== Supplied material
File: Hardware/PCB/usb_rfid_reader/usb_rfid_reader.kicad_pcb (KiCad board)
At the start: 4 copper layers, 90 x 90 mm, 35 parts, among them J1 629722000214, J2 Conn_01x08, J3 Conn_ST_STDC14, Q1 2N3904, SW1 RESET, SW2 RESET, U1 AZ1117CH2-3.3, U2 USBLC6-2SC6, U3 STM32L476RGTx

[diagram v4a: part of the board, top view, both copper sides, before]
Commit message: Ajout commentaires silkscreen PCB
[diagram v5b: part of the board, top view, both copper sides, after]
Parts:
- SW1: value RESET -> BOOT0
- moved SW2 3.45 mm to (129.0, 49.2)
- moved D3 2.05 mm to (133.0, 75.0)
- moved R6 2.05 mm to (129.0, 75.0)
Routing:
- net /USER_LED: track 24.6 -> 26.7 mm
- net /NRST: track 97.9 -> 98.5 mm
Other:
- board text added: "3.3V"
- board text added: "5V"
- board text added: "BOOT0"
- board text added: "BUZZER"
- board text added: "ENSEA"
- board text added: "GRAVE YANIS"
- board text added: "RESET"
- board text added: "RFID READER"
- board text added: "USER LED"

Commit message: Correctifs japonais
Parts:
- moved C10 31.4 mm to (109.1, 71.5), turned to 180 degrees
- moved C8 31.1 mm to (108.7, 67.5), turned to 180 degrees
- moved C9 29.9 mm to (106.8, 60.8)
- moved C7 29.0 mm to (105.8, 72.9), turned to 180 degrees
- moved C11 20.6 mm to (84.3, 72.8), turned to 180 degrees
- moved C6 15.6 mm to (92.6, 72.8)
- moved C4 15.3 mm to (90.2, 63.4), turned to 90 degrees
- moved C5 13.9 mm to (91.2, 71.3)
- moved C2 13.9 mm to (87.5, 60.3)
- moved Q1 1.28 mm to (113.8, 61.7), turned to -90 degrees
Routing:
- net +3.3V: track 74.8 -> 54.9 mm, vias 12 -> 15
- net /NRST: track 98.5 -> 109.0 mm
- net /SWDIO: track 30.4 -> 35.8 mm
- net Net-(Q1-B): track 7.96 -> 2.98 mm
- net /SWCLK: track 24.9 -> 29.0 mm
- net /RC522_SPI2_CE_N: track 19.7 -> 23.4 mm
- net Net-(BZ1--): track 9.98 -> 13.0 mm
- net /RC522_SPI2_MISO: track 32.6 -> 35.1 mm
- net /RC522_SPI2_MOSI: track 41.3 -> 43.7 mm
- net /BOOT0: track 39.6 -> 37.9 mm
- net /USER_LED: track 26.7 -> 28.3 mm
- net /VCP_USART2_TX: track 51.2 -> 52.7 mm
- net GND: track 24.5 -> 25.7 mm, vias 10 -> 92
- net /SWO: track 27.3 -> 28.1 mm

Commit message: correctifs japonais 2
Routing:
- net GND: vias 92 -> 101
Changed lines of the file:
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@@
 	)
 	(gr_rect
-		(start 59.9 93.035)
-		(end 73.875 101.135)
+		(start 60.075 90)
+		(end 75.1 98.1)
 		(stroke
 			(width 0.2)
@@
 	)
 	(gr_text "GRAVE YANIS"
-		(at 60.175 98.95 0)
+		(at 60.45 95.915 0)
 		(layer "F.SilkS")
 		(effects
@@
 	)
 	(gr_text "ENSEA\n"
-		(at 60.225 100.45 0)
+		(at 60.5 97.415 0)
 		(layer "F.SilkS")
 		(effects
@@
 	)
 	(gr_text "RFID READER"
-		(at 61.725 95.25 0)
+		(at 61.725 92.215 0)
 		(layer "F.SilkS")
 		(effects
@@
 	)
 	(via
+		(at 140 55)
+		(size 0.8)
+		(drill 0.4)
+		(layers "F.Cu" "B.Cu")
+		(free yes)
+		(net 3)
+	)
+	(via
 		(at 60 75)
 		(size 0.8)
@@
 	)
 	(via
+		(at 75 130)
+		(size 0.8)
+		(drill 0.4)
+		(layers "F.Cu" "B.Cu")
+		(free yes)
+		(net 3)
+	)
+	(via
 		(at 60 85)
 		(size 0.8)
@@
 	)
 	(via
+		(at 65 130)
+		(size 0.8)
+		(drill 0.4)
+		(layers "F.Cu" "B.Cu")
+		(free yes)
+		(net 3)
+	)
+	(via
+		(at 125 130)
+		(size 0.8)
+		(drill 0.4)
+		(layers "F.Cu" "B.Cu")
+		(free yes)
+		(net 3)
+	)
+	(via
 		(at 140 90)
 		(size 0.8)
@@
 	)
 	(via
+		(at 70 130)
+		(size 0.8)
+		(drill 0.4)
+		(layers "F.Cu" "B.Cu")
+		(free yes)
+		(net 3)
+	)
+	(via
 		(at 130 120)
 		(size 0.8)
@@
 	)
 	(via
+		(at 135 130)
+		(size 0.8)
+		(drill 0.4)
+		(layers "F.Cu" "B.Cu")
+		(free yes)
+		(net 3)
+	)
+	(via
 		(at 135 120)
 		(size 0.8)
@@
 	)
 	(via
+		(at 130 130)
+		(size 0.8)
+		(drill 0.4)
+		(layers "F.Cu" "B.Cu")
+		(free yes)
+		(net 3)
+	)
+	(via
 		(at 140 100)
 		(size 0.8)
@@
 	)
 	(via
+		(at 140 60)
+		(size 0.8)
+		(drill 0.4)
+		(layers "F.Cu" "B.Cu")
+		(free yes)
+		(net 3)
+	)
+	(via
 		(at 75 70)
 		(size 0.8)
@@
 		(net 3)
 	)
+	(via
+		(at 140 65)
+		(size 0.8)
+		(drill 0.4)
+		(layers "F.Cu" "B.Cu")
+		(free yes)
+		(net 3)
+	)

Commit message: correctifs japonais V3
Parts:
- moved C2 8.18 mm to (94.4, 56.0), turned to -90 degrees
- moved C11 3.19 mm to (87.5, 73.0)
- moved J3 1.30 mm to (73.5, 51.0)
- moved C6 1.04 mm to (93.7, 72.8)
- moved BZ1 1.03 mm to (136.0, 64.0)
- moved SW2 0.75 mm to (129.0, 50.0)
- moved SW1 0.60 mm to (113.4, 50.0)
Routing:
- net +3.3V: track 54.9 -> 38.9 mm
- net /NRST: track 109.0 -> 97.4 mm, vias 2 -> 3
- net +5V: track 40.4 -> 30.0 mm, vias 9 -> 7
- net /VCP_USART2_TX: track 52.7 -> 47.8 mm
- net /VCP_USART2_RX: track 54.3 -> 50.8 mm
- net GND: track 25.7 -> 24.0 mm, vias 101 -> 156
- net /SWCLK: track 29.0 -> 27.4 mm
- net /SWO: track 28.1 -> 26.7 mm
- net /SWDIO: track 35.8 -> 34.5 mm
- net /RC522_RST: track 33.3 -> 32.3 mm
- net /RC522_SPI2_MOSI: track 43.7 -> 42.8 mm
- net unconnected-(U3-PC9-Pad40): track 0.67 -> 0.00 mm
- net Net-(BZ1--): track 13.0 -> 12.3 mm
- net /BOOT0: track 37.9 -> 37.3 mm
====
What you need to do: Read the listing. Copy each line that has the word "GRAVE" in it.

Response:
- board text added: "GRAVE YANIS"
 	(gr_text "GRAVE YANIS"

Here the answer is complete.